Among the papers found after Lewis’s death was the beginning of a novel set after the fall of Troy. Lewis took as his starting point a Greek tradition that the “real” Helen had never gone to Troy at all. Rather, a simulacrum of her had suffered and aged through the long years of the siege, while the real woman remained in Egypt, magically preserved in all her beauty to be reclaimed by her husband after the war. Lewis’s manuscript ends with Menelaus face to face with the dilemma: which is the real Helen? The faded, middle-aged woman whom he found at Troy, or the radiant vision presented to him by the Egyptian priests?
This is the dilemma that we all face, not only in religion but in love, in work, in every aspect of our lives. Gopnik makes a great deal of the contrast between the magical world of Lewis’s imagination and the humdrum reality of Christian church life. (To people like myself who came to Anglicanism from low-church evangelicalism, Gopnik’s apparent contempt for Anglicanism as a source for imagination and beauty seems extremely odd. But Gopnik may be on target here as regards Lewis; Lewis showed little appreciation for liturgy and usually describes his experiences of church-going as more of a cross to be borne than anything else.) But the local church is important precisely because it is here that the magical world we encounter in imagination invades the world of our daily lives. In bread and wine, in hymns sung by creaky voices, in uncomfortable pews and sermons of varying quality, in the reading of a Scripture that took shape over centuries in the gritty heart of sordid human history–it is then that I hear the gulls crying over Cair Paravel, and feel on my face the air of Narnia on a midwinter night. (These are two of the moments Gopnik singles out as particularly beautiful in the _Chronicles_.)

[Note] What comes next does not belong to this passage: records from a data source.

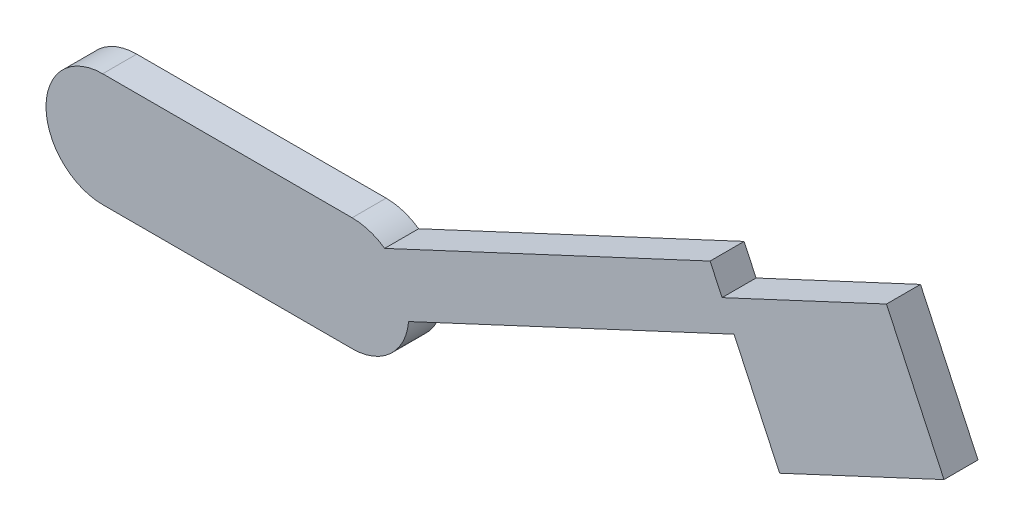
ISO-10303-21;
HEADER;
FILE_DESCRIPTION(('STEP AP214'),'2;1');
FILE_NAME('part.step','',(''),(''),'','','');
FILE_SCHEMA(('AUTOMOTIVE_DESIGN { 1 0 10303 214 1 1 1 1 }'));
ENDSEC;
DATA;
#1=APPLICATION_CONTEXT('core data for automotive mechanical design processes');
#2=APPLICATION_PROTOCOL_DEFINITION('international standard','automotive_design',2000,#1);
#3=PRODUCT_CONTEXT('',#1,'mechanical');
#4=PRODUCT('Part','Part','',(#3));
#5=PRODUCT_RELATED_PRODUCT_CATEGORY('part','',(#4));
#6=PRODUCT_DEFINITION_FORMATION('','',#4);
#7=PRODUCT_DEFINITION_CONTEXT('part definition',#1,'design');
#8=PRODUCT_DEFINITION('design','',#6,#7);
#9=PRODUCT_DEFINITION_SHAPE('','',#8);
#10=(LENGTH_UNIT() NAMED_UNIT(*) SI_UNIT(.MILLI.,.METRE.));
#11=(NAMED_UNIT(*) PLANE_ANGLE_UNIT() SI_UNIT($,.RADIAN.));
#12=(NAMED_UNIT(*) SI_UNIT($,.STERADIAN.) SOLID_ANGLE_UNIT());
#13=UNCERTAINTY_MEASURE_WITH_UNIT(LENGTH_MEASURE(1.E-05),#10,'distance_accuracy_value','');
#14=(GEOMETRIC_REPRESENTATION_CONTEXT(3) GLOBAL_UNCERTAINTY_ASSIGNED_CONTEXT((#13)) GLOBAL_UNIT_ASSIGNED_CONTEXT((#10,
#11,#12)) REPRESENTATION_CONTEXT('',''));
#15=CARTESIAN_POINT('',(0.,0.,0.));
#16=DIRECTION('',(0.,0.,1.));
#17=DIRECTION('',(1.,0.,0.));
#18=AXIS2_PLACEMENT_3D('',#15,#16,#17);
#19=CARTESIAN_POINT('',(22.,0.,3.));
#20=DIRECTION('',(0.,0.,-1.));
#21=DIRECTION('',(-1.,0.,0.));
#22=AXIS2_PLACEMENT_3D('',#19,#20,#21);
#23=CYLINDRICAL_SURFACE('',#22,5.);
#24=DIRECTION('',(0.,0.,-1.));
#25=VECTOR('',#24,1.);
#26=CARTESIAN_POINT('',(26.9809734904587,-0.435778713738269,3.));
#27=LINE('',#26,#25);
#28=CARTESIAN_POINT('',(26.9809734904587,-0.435778713738269,3.));
#29=VERTEX_POINT('',#28);
#30=CARTESIAN_POINT('',(26.9809734904587,-0.435778713738269,0.));
#31=VERTEX_POINT('',#30);
#32=EDGE_CURVE('E11',#29,#31,#27,.T.);
#33=ORIENTED_EDGE('',*,*,#32,.F.);
#34=CARTESIAN_POINT('',(22.,0.,3.));
#35=DIRECTION('',(0.,0.,1.));
#36=DIRECTION('',(1.,0.,0.));
#37=AXIS2_PLACEMENT_3D('',#34,#35,#36);
#38=CIRCLE('',#37,5.);
#39=CARTESIAN_POINT('',(22.,-5.,3.));
#40=VERTEX_POINT('',#39);
#41=EDGE_CURVE('E179',#40,#29,#38,.T.);
#42=ORIENTED_EDGE('',*,*,#41,.F.);
#43=DIRECTION('',(0.,0.,-1.));
#44=VECTOR('',#43,1.);
#45=CARTESIAN_POINT('',(22.,-5.,3.));
#46=LINE('',#45,#44);
#47=CARTESIAN_POINT('',(22.,-5.,0.));
#48=VERTEX_POINT('',#47);
#49=EDGE_CURVE('E200',#40,#48,#46,.T.);
#50=ORIENTED_EDGE('',*,*,#49,.T.);
#51=CARTESIAN_POINT('',(22.,0.,0.));
#52=DIRECTION('',(0.,0.,1.));
#53=DIRECTION('',(1.,0.,0.));
#54=AXIS2_PLACEMENT_3D('',#51,#52,#53);
#55=CIRCLE('',#54,5.);
#56=EDGE_CURVE('E185',#48,#31,#55,.T.);
#57=ORIENTED_EDGE('',*,*,#56,.T.);
#58=EDGE_LOOP('',(#33,#42,#50,#57));
#59=FACE_BOUND('',#58,.T.);
#60=ADVANCED_FACE('F39',(#59),#23,.T.);
#61=DIRECTION('',(0.,0.,-1.));
#62=VECTOR('',#61,1.);
#63=CARTESIAN_POINT('',(24.8678821817552,4.09576022144496,3.));
#64=LINE('',#63,#62);
#65=CARTESIAN_POINT('',(24.8678821817552,4.09576022144496,0.));
#66=VERTEX_POINT('',#65);
#67=CARTESIAN_POINT('',(24.8678821817552,4.09576022144496,3.));
#68=VERTEX_POINT('',#67);
#69=EDGE_CURVE('E50',#66,#68,#64,.F.);
#70=ORIENTED_EDGE('',*,*,#69,.F.);
#71=CARTESIAN_POINT('',(22.,5.,0.));
#72=VERTEX_POINT('',#71);
#73=EDGE_CURVE('E180',#66,#72,#55,.T.);
#74=ORIENTED_EDGE('',*,*,#73,.T.);
#75=DIRECTION('',(0.,0.,-1.));
#76=VECTOR('',#75,1.);
#77=CARTESIAN_POINT('',(22.,5.,3.));
#78=LINE('',#77,#76);
#79=CARTESIAN_POINT('',(22.,5.,3.));
#80=VERTEX_POINT('',#79);
#81=EDGE_CURVE('E198',#80,#72,#78,.T.);
#82=ORIENTED_EDGE('',*,*,#81,.F.);
#83=EDGE_CURVE('E182',#68,#80,#38,.T.);
#84=ORIENTED_EDGE('',*,*,#83,.F.);
#85=EDGE_LOOP('',(#70,#74,#82,#84));
#86=FACE_BOUND('',#85,.T.);
#87=ADVANCED_FACE('F223',(#86),#23,.T.);
#88=CARTESIAN_POINT('',(0.,0.,3.));
#89=DIRECTION('',(0.,0.,-1.));
#90=DIRECTION('',(-1.,0.,0.));
#91=AXIS2_PLACEMENT_3D('',#88,#89,#90);
#92=CYLINDRICAL_SURFACE('',#91,5.);
#93=DIRECTION('',(0.,0.,-1.));
#94=VECTOR('',#93,1.);
#95=CARTESIAN_POINT('',(0.,-5.,3.));
#96=LINE('',#95,#94);
#97=CARTESIAN_POINT('',(0.,-5.,3.));
#98=VERTEX_POINT('',#97);
#99=CARTESIAN_POINT('',(0.,-5.,0.));
#100=VERTEX_POINT('',#99);
#101=EDGE_CURVE('E203',#98,#100,#96,.T.);
#102=ORIENTED_EDGE('',*,*,#101,.F.);
#103=CARTESIAN_POINT('',(0.,0.,3.));
#104=DIRECTION('',(0.,0.,1.));
#105=DIRECTION('',(1.,0.,0.));
#106=AXIS2_PLACEMENT_3D('',#103,#104,#105);
#107=CIRCLE('',#106,5.);
#108=CARTESIAN_POINT('',(0.,5.,3.));
#109=VERTEX_POINT('',#108);
#110=EDGE_CURVE('E202',#109,#98,#107,.T.);
#111=ORIENTED_EDGE('',*,*,#110,.F.);
#112=DIRECTION('',(0.,0.,-1.));
#113=VECTOR('',#112,1.);
#114=CARTESIAN_POINT('',(0.,5.,3.));
#115=LINE('',#114,#113);
#116=CARTESIAN_POINT('',(0.,5.,0.));
#117=VERTEX_POINT('',#116);
#118=EDGE_CURVE('E188',#109,#117,#115,.T.);
#119=ORIENTED_EDGE('',*,*,#118,.T.);
#120=CARTESIAN_POINT('',(0.,0.,0.));
#121=DIRECTION('',(0.,0.,1.));
#122=DIRECTION('',(1.,0.,0.));
#123=AXIS2_PLACEMENT_3D('',#120,#121,#122);
#124=CIRCLE('',#123,5.);
#125=EDGE_CURVE('E204',#117,#100,#124,.T.);
#126=ORIENTED_EDGE('',*,*,#125,.T.);
#127=EDGE_LOOP('',(#102,#111,#119,#126));
#128=FACE_BOUND('',#127,.T.);
#129=ADVANCED_FACE('F41',(#128),#92,.T.);
#130=CARTESIAN_POINT('',(0.,0.,3.));
#131=DIRECTION('',(0.,0.,1.));
#132=DIRECTION('',(1.,0.,0.));
#133=AXIS2_PLACEMENT_3D('',#130,#131,#132);
#134=PLANE('',#133);
#135=ORIENTED_EDGE('',*,*,#41,.T.);
#136=DIRECTION('',(0.90630778703665,0.422618261740698,0.));
#137=VECTOR('',#136,1.);
#138=CARTESIAN_POINT('',(55.6836259876711,12.9484879550735,3.));
#139=LINE('',#138,#137);
#140=CARTESIAN_POINT('',(55.6836259876711,12.9484879550735,3.));
#141=VERTEX_POINT('',#140);
#142=EDGE_CURVE('E133',#29,#141,#139,.T.);
#143=ORIENTED_EDGE('',*,*,#142,.T.);
#144=DIRECTION('',(0.422618261740699,-0.90630778703665,0.));
#145=VECTOR('',#144,1.);
#146=CARTESIAN_POINT('',(59.6984994742078,4.33856397822537,3.));
#147=LINE('',#146,#145);
#148=CARTESIAN_POINT('',(59.6984994742078,4.33856397822537,3.));
#149=VERTEX_POINT('',#148);
#150=EDGE_CURVE('E126',#141,#149,#147,.T.);
#151=ORIENTED_EDGE('',*,*,#150,.T.);
#152=DIRECTION('',(0.90630778703665,0.422618261740698,0.));
#153=VECTOR('',#152,1.);
#154=CARTESIAN_POINT('',(74.1994240667942,11.1004561660765,3.));
#155=LINE('',#154,#153);
#156=CARTESIAN_POINT('',(74.1994240667942,11.1004561660765,3.));
#157=VERTEX_POINT('',#156);
#158=EDGE_CURVE('E135',#149,#157,#155,.T.);
#159=ORIENTED_EDGE('',*,*,#158,.T.);
#160=DIRECTION('',(-0.422618261740698,0.90630778703665,0.));
#161=VECTOR('',#160,1.);
#162=CARTESIAN_POINT('',(69.1280049259058,21.9761496105163,3.));
#163=LINE('',#162,#161);
#164=CARTESIAN_POINT('',(69.1280049259058,21.9761496105163,3.));
#165=VERTEX_POINT('',#164);
#166=EDGE_CURVE('E150',#157,#165,#163,.T.);
#167=ORIENTED_EDGE('',*,*,#166,.T.);
#168=DIRECTION('',(-0.90630778703665,-0.422618261740699,0.));
#169=VECTOR('',#168,1.);
#170=CARTESIAN_POINT('',(54.6270803333194,15.2142574226652,3.));
#171=LINE('',#170,#169);
#172=CARTESIAN_POINT('',(54.6270803333194,15.2142574226652,3.));
#173=VERTEX_POINT('',#172);
#174=EDGE_CURVE('E220',#165,#173,#171,.T.);
#175=ORIENTED_EDGE('',*,*,#174,.T.);
#176=DIRECTION('',(-0.422618261740698,0.90630778703665,0.));
#177=VECTOR('',#176,1.);
#178=CARTESIAN_POINT('',(53.5705346789677,17.4800268902568,3.));
#179=LINE('',#178,#177);
#180=CARTESIAN_POINT('',(53.5705346789677,17.4800268902568,3.));
#181=VERTEX_POINT('',#180);
#182=EDGE_CURVE('E162',#173,#181,#179,.T.);
#183=ORIENTED_EDGE('',*,*,#182,.T.);
#184=DIRECTION('',(-0.90630778703665,-0.422618261740699,0.));
#185=VECTOR('',#184,1.);
#186=CARTESIAN_POINT('',(20.9434543456482,2.26576946759163,3.));
#187=LINE('',#186,#185);
#188=EDGE_CURVE('E167',#181,#68,#187,.T.);
#189=ORIENTED_EDGE('',*,*,#188,.T.);
#190=ORIENTED_EDGE('',*,*,#83,.T.);
#191=DIRECTION('',(-1.,0.,0.));
#192=VECTOR('',#191,1.);
#193=CARTESIAN_POINT('',(0.,5.,3.));
#194=LINE('',#193,#192);
#195=EDGE_CURVE('E190',#80,#109,#194,.T.);
#196=ORIENTED_EDGE('',*,*,#195,.T.);
#197=ORIENTED_EDGE('',*,*,#110,.T.);
#198=DIRECTION('',(1.,0.,0.));
#199=VECTOR('',#198,1.);
#200=CARTESIAN_POINT('',(0.,-5.,3.));
#201=LINE('',#200,#199);
#202=EDGE_CURVE('E184',#98,#40,#201,.T.);
#203=ORIENTED_EDGE('',*,*,#202,.T.);
#204=EDGE_LOOP('',(#135,#143,#151,#159,#167,#175,#183,#189,#190,#196,#197,#203));
#205=FACE_BOUND('',#204,.T.);
#206=ADVANCED_FACE('F132',(#205),#134,.T.);
#207=CARTESIAN_POINT('',(0.,0.,0.));
#208=DIRECTION('',(0.,0.,1.));
#209=DIRECTION('',(1.,0.,0.));
#210=AXIS2_PLACEMENT_3D('',#207,#208,#209);
#211=PLANE('',#210);
#212=ORIENTED_EDGE('',*,*,#73,.F.);
#213=DIRECTION('',(-0.90630778703665,-0.422618261740699,0.));
#214=VECTOR('',#213,1.);
#215=CARTESIAN_POINT('',(20.9434543456482,2.26576946759163,0.));
#216=LINE('',#215,#214);
#217=CARTESIAN_POINT('',(53.5705346789677,17.4800268902568,0.));
#218=VERTEX_POINT('',#217);
#219=EDGE_CURVE('E163',#218,#66,#216,.T.);
#220=ORIENTED_EDGE('',*,*,#219,.F.);
#221=DIRECTION('',(-0.422618261740698,0.90630778703665,0.));
#222=VECTOR('',#221,1.);
#223=CARTESIAN_POINT('',(53.5705346789677,17.4800268902568,0.));
#224=LINE('',#223,#222);
#225=CARTESIAN_POINT('',(54.6270803333194,15.2142574226652,0.));
#226=VERTEX_POINT('',#225);
#227=EDGE_CURVE('E156',#226,#218,#224,.T.);
#228=ORIENTED_EDGE('',*,*,#227,.F.);
#229=DIRECTION('',(-0.90630778703665,-0.422618261740699,0.));
#230=VECTOR('',#229,1.);
#231=CARTESIAN_POINT('',(54.6270803333194,15.2142574226652,0.));
#232=LINE('',#231,#230);
#233=CARTESIAN_POINT('',(69.1280049259058,21.9761496105163,0.));
#234=VERTEX_POINT('',#233);
#235=EDGE_CURVE('E53',#234,#226,#232,.T.);
#236=ORIENTED_EDGE('',*,*,#235,.F.);
#237=DIRECTION('',(-0.422618261740698,0.90630778703665,0.));
#238=VECTOR('',#237,1.);
#239=CARTESIAN_POINT('',(69.1280049259058,21.9761496105163,0.));
#240=LINE('',#239,#238);
#241=CARTESIAN_POINT('',(74.1994240667942,11.1004561660765,0.));
#242=VERTEX_POINT('',#241);
#243=EDGE_CURVE('E338',#242,#234,#240,.T.);
#244=ORIENTED_EDGE('',*,*,#243,.F.);
#245=DIRECTION('',(0.90630778703665,0.422618261740698,0.));
#246=VECTOR('',#245,1.);
#247=CARTESIAN_POINT('',(74.1994240667942,11.1004561660765,0.));
#248=LINE('',#247,#246);
#249=CARTESIAN_POINT('',(59.6984994742078,4.33856397822537,0.));
#250=VERTEX_POINT('',#249);
#251=EDGE_CURVE('E337',#250,#242,#248,.T.);
#252=ORIENTED_EDGE('',*,*,#251,.F.);
#253=DIRECTION('',(0.422618261740699,-0.90630778703665,0.));
#254=VECTOR('',#253,1.);
#255=CARTESIAN_POINT('',(59.6984994742078,4.33856397822537,0.));
#256=LINE('',#255,#254);
#257=CARTESIAN_POINT('',(55.6836259876711,12.9484879550735,0.));
#258=VERTEX_POINT('',#257);
#259=EDGE_CURVE('E151',#258,#250,#256,.T.);
#260=ORIENTED_EDGE('',*,*,#259,.F.);
#261=DIRECTION('',(0.90630778703665,0.422618261740698,0.));
#262=VECTOR('',#261,1.);
#263=CARTESIAN_POINT('',(55.6836259876711,12.9484879550735,0.));
#264=LINE('',#263,#262);
#265=EDGE_CURVE('E153',#31,#258,#264,.T.);
#266=ORIENTED_EDGE('',*,*,#265,.F.);
#267=ORIENTED_EDGE('',*,*,#56,.F.);
#268=DIRECTION('',(1.,0.,0.));
#269=VECTOR('',#268,1.);
#270=CARTESIAN_POINT('',(0.,-5.,0.));
#271=LINE('',#270,#269);
#272=EDGE_CURVE('E178',#100,#48,#271,.T.);
#273=ORIENTED_EDGE('',*,*,#272,.F.);
#274=ORIENTED_EDGE('',*,*,#125,.F.);
#275=DIRECTION('',(-1.,0.,0.));
#276=VECTOR('',#275,1.);
#277=CARTESIAN_POINT('',(0.,5.,0.));
#278=LINE('',#277,#276);
#279=EDGE_CURVE('E189',#72,#117,#278,.T.);
#280=ORIENTED_EDGE('',*,*,#279,.F.);
#281=EDGE_LOOP('',(#212,#220,#228,#236,#244,#252,#260,#266,#267,#273,#274,#280));
#282=FACE_BOUND('',#281,.T.);
#283=ADVANCED_FACE('F225',(#282),#211,.F.);
#284=CARTESIAN_POINT('',(0.,-5.,3.));
#285=DIRECTION('',(0.,1.,0.));
#286=DIRECTION('',(0.,0.,1.));
#287=AXIS2_PLACEMENT_3D('',#284,#285,#286);
#288=PLANE('',#287);
#289=ORIENTED_EDGE('',*,*,#272,.T.);
#290=ORIENTED_EDGE('',*,*,#49,.F.);
#291=ORIENTED_EDGE('',*,*,#202,.F.);
#292=ORIENTED_EDGE('',*,*,#101,.T.);
#293=EDGE_LOOP('',(#289,#290,#291,#292));
#294=FACE_BOUND('',#293,.T.);
#295=ADVANCED_FACE('F233',(#294),#288,.F.);
#296=CARTESIAN_POINT('',(0.,5.,3.));
#297=DIRECTION('',(0.,-1.,0.));
#298=DIRECTION('',(0.,0.,-1.));
#299=AXIS2_PLACEMENT_3D('',#296,#297,#298);
#300=PLANE('',#299);
#301=ORIENTED_EDGE('',*,*,#279,.T.);
#302=ORIENTED_EDGE('',*,*,#118,.F.);
#303=ORIENTED_EDGE('',*,*,#195,.F.);
#304=ORIENTED_EDGE('',*,*,#81,.T.);
#305=EDGE_LOOP('',(#301,#302,#303,#304));
#306=FACE_BOUND('',#305,.T.);
#307=ADVANCED_FACE('F230',(#306),#300,.F.);
#308=CARTESIAN_POINT('',(55.6836259876711,12.9484879550735,3.));
#309=DIRECTION('',(-0.422618261740698,0.90630778703665,0.));
#310=DIRECTION('',(-0.90630778703665,-0.422618261740698,0.));
#311=AXIS2_PLACEMENT_3D('',#308,#309,#310);
#312=PLANE('',#311);
#313=ORIENTED_EDGE('',*,*,#142,.F.);
#314=ORIENTED_EDGE('',*,*,#32,.T.);
#315=ORIENTED_EDGE('',*,*,#265,.T.);
#316=DIRECTION('',(0.,0.,-1.));
#317=VECTOR('',#316,1.);
#318=CARTESIAN_POINT('',(55.6836259876711,12.9484879550735,3.));
#319=LINE('',#318,#317);
#320=EDGE_CURVE('E172',#141,#258,#319,.T.);
#321=ORIENTED_EDGE('',*,*,#320,.F.);
#322=EDGE_LOOP('',(#313,#314,#315,#321));
#323=FACE_BOUND('',#322,.T.);
#324=ADVANCED_FACE('F238',(#323),#312,.F.);
#325=CARTESIAN_POINT('',(20.9434543456482,2.26576946759163,3.));
#326=DIRECTION('',(0.422618261740699,-0.90630778703665,0.));
#327=DIRECTION('',(0.90630778703665,0.422618261740699,0.));
#328=AXIS2_PLACEMENT_3D('',#325,#326,#327);
#329=PLANE('',#328);
#330=ORIENTED_EDGE('',*,*,#219,.T.);
#331=ORIENTED_EDGE('',*,*,#69,.T.);
#332=ORIENTED_EDGE('',*,*,#188,.F.);
#333=DIRECTION('',(0.,0.,-1.));
#334=VECTOR('',#333,1.);
#335=CARTESIAN_POINT('',(53.5705346789677,17.4800268902568,3.));
#336=LINE('',#335,#334);
#337=EDGE_CURVE('E169',#181,#218,#336,.T.);
#338=ORIENTED_EDGE('',*,*,#337,.T.);
#339=EDGE_LOOP('',(#330,#331,#332,#338));
#340=FACE_BOUND('',#339,.T.);
#341=ADVANCED_FACE('F211',(#340),#329,.F.);
#342=CARTESIAN_POINT('',(53.5705346789677,17.4800268902568,3.));
#343=DIRECTION('',(-0.90630778703665,-0.422618261740698,0.));
#344=DIRECTION('',(0.422618261740699,-0.906307787036651,0.));
#345=AXIS2_PLACEMENT_3D('',#342,#343,#344);
#346=PLANE('',#345);
#347=ORIENTED_EDGE('',*,*,#182,.F.);
#348=DIRECTION('',(0.,0.,-1.));
#349=VECTOR('',#348,1.);
#350=CARTESIAN_POINT('',(54.6270803333194,15.2142574226652,3.));
#351=LINE('',#350,#349);
#352=EDGE_CURVE('E345',#173,#226,#351,.T.);
#353=ORIENTED_EDGE('',*,*,#352,.T.);
#354=ORIENTED_EDGE('',*,*,#227,.T.);
#355=ORIENTED_EDGE('',*,*,#337,.F.);
#356=EDGE_LOOP('',(#347,#353,#354,#355));
#357=FACE_BOUND('',#356,.T.);
#358=ADVANCED_FACE('F218',(#357),#346,.F.);
#359=CARTESIAN_POINT('',(59.6984994742078,4.33856397822537,3.));
#360=DIRECTION('',(0.90630778703665,0.422618261740698,0.));
#361=DIRECTION('',(-0.422618261740698,0.90630778703665,0.));
#362=AXIS2_PLACEMENT_3D('',#359,#360,#361);
#363=PLANE('',#362);
#364=ORIENTED_EDGE('',*,*,#150,.F.);
#365=ORIENTED_EDGE('',*,*,#320,.T.);
#366=ORIENTED_EDGE('',*,*,#259,.T.);
#367=DIRECTION('',(0.,0.,-1.));
#368=VECTOR('',#367,1.);
#369=CARTESIAN_POINT('',(59.6984994742078,4.33856397822537,3.));
#370=LINE('',#369,#368);
#371=EDGE_CURVE('E141',#149,#250,#370,.T.);
#372=ORIENTED_EDGE('',*,*,#371,.F.);
#373=EDGE_LOOP('',(#364,#365,#366,#372));
#374=FACE_BOUND('',#373,.T.);
#375=ADVANCED_FACE('F149',(#374),#363,.F.);
#376=CARTESIAN_POINT('',(74.1994240667942,11.1004561660765,3.));
#377=DIRECTION('',(-0.422618261740698,0.90630778703665,0.));
#378=DIRECTION('',(-0.90630778703665,-0.422618261740698,0.));
#379=AXIS2_PLACEMENT_3D('',#376,#377,#378);
#380=PLANE('',#379);
#381=ORIENTED_EDGE('',*,*,#251,.T.);
#382=DIRECTION('',(0.,0.,-1.));
#383=VECTOR('',#382,1.);
#384=CARTESIAN_POINT('',(74.1994240667942,11.1004561660765,3.));
#385=LINE('',#384,#383);
#386=EDGE_CURVE('E144',#157,#242,#385,.T.);
#387=ORIENTED_EDGE('',*,*,#386,.F.);
#388=ORIENTED_EDGE('',*,*,#158,.F.);
#389=ORIENTED_EDGE('',*,*,#371,.T.);
#390=EDGE_LOOP('',(#381,#387,#388,#389));
#391=FACE_BOUND('',#390,.T.);
#392=ADVANCED_FACE('F142',(#391),#380,.F.);
#393=CARTESIAN_POINT('',(69.1280049259058,21.9761496105163,3.));
#394=DIRECTION('',(-0.90630778703665,-0.422618261740698,0.));
#395=DIRECTION('',(0.422618261740698,-0.906307787036651,0.));
#396=AXIS2_PLACEMENT_3D('',#393,#394,#395);
#397=PLANE('',#396);
#398=ORIENTED_EDGE('',*,*,#243,.T.);
#399=DIRECTION('',(0.,0.,-1.));
#400=VECTOR('',#399,1.);
#401=CARTESIAN_POINT('',(69.1280049259058,21.9761496105163,3.));
#402=LINE('',#401,#400);
#403=EDGE_CURVE('E158',#165,#234,#402,.T.);
#404=ORIENTED_EDGE('',*,*,#403,.F.);
#405=ORIENTED_EDGE('',*,*,#166,.F.);
#406=ORIENTED_EDGE('',*,*,#386,.T.);
#407=EDGE_LOOP('',(#398,#404,#405,#406));
#408=FACE_BOUND('',#407,.T.);
#409=ADVANCED_FACE('F311',(#408),#397,.F.);
#410=CARTESIAN_POINT('',(54.6270803333194,15.2142574226652,3.));
#411=DIRECTION('',(0.422618261740698,-0.90630778703665,0.));
#412=DIRECTION('',(0.90630778703665,0.422618261740699,0.));
#413=AXIS2_PLACEMENT_3D('',#410,#411,#412);
#414=PLANE('',#413);
#415=ORIENTED_EDGE('',*,*,#235,.T.);
#416=ORIENTED_EDGE('',*,*,#352,.F.);
#417=ORIENTED_EDGE('',*,*,#174,.F.);
#418=ORIENTED_EDGE('',*,*,#403,.T.);
#419=EDGE_LOOP('',(#415,#416,#417,#418));
#420=FACE_BOUND('',#419,.T.);
#421=ADVANCED_FACE('F321',(#420),#414,.F.);
#422=CLOSED_SHELL('',(#60,#87,#129,#206,#283,#295,#307,#324,#341,#358,#375,#392,#409,#421));
#423=MANIFOLD_SOLID_BREP('B2',#422);
#424=ADVANCED_BREP_SHAPE_REPRESENTATION('',(#18,#423),#14);
#425=SHAPE_DEFINITION_REPRESENTATION(#9,#424);
ENDSEC;
END-ISO-10303-21;

Gopnik’s division between imagination and mundane reality is poisonous. It is the easy way out, a way made increasingly easy by the proliferation of technological shortcuts to the world of imagination. Sex and religion and adventure–they are all only a click away. To bring our deepest longings into the world of daily life is a constant struggle–precisely the struggle to “keep one’s belief going” which Gopnik observes and mocks in Lewis’s letters. It is, as Steve Taylor remarked (paraphrasing Flannery O’Connor), “harder to believe than not to.” The easy way is to “toss away the cloak that you should have mended.” But this is not only true for Christians. It is true for every relationship, every achievement, every genuinely human act. To be human is to bring image and reality together. That is what we were made for, hanging in agony between heaven and earth, between angels and beasts. Lewis continues to be relevant, continues to delight and enrage, because he was a bold and articulate modern spokesman for this classical view of human nature–a view at once truly pagan and truly Christian.